PROVIDED MATERIAL Start Marker

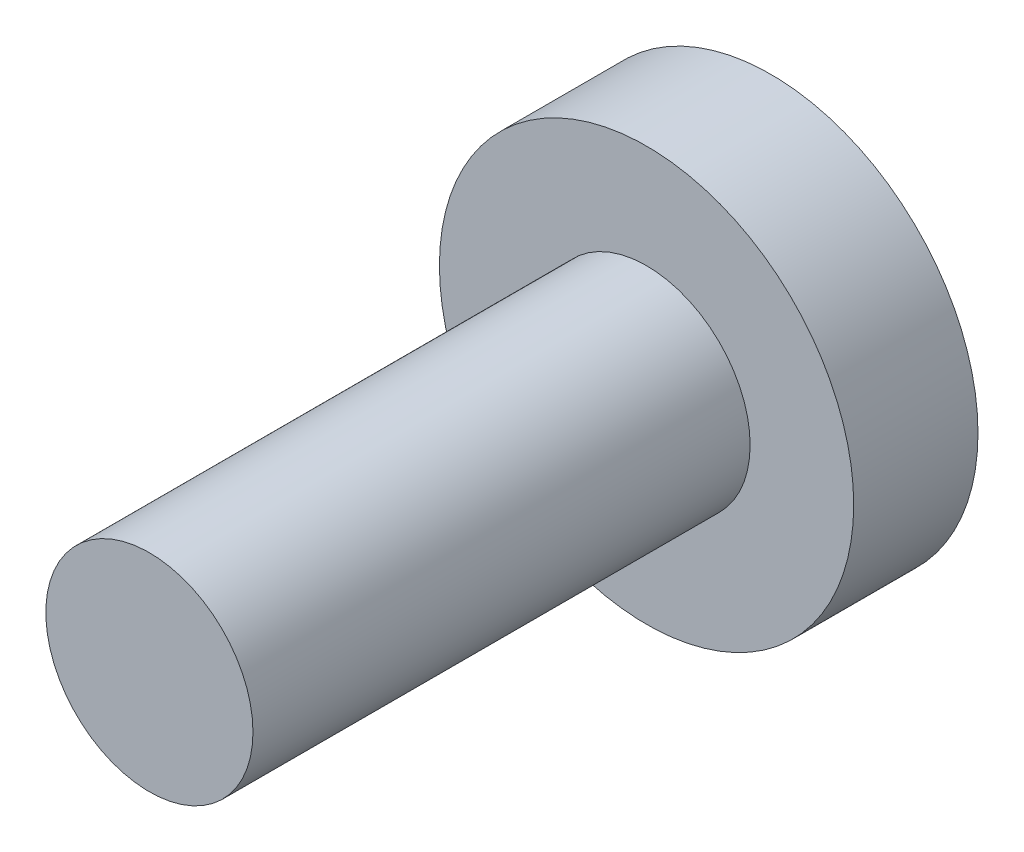
SolidWorks part; units mm, degrees
ref_plane "前视基准面" through (0, 0, 0) normal (0, 0, 1) x (1, 0, 0)
ref_plane "上视基准面" through (0, 0, 0) normal (0, 1, 0) x (1, 0, 0)
ref_plane "右视基准面" through (0, 0, 0) normal (1, 0, 0) x (0, 0, -1)
sketch "草图1" plane through (0, 0, 0) normal (0, 0, 1) x (1, 0, 0)
  circle A0 centre (0, 0) radius 1.25
extrude "凸台-拉伸1" add sketch "草图1" along normal blind 6
sketch "草图2" plane through (0, 0, 0) normal (0, 0, -1) x (-1, 0, 0)
  circle A0 centre (0, 0) radius 2.5
extrude "凸台-拉伸2" add sketch "草图2" along normal blind 1.5
sketch "草图3" plane through (0, 0, -1.5) normal (0, 0, -1) x (-1, 0, 0)
  line L0 (-2.5, 0) -> (2.5, 0) construction
  line L1 (0, -2.5) -> (0, 2.5) construction
  line L2 (0.18, 1.25) -> (0.18, 0.18)
  line L3 (-1.25, 0.18) -> (-0.18, 0.18)
  line L4 (-1.25, 0.18) -> (-1.25, -0.18)
  line L5 (-1.25, -0.18) -> (-0.18, -0.18)
  line L6 (1.25, 0.18) -> (1.25, -0.18)
  line L7 (0, 0) -> (1.7678, -1.7678) construction
  line L8 (-0.18, -1.25) -> (0.18, -1.25)
  line L9 (-0.18, 1.25) -> (-0.18, 0.18)
  line L10 (-0.18, 1.25) -> (0.18, 1.25)
  line L11 (-0.18, -0.18) -> (-0.18, -1.25)
  line L12 (0.18, -0.18) -> (1.25, -0.18)
  line L13 (0.18, -0.18) -> (0.18, -1.25)
  line L14 (0.18, 0.18) -> (1.25, 0.18)
  circle A0 centre (0, 0) radius 2.5 construction
  point P6 (0, 0)
  point P10 (0, 0)
  dimension "D1" = 2.5
  dimension "D2" = 1.25
  dimension "D3" = 0.36
  dimension "D4" = 0.18
extrude "切除-拉伸1" cut sketch "草图3" against normal blind 0.5

PROVIDED MATERIAL End Marker

Write out each line of the data that holds the string "dimension".

◆ YOUR RESPONSE ◆
  dimension "D1" = 2.5
  dimension "D2" = 1.25
  dimension "D3" = 0.36
  dimension "D4" = 0.18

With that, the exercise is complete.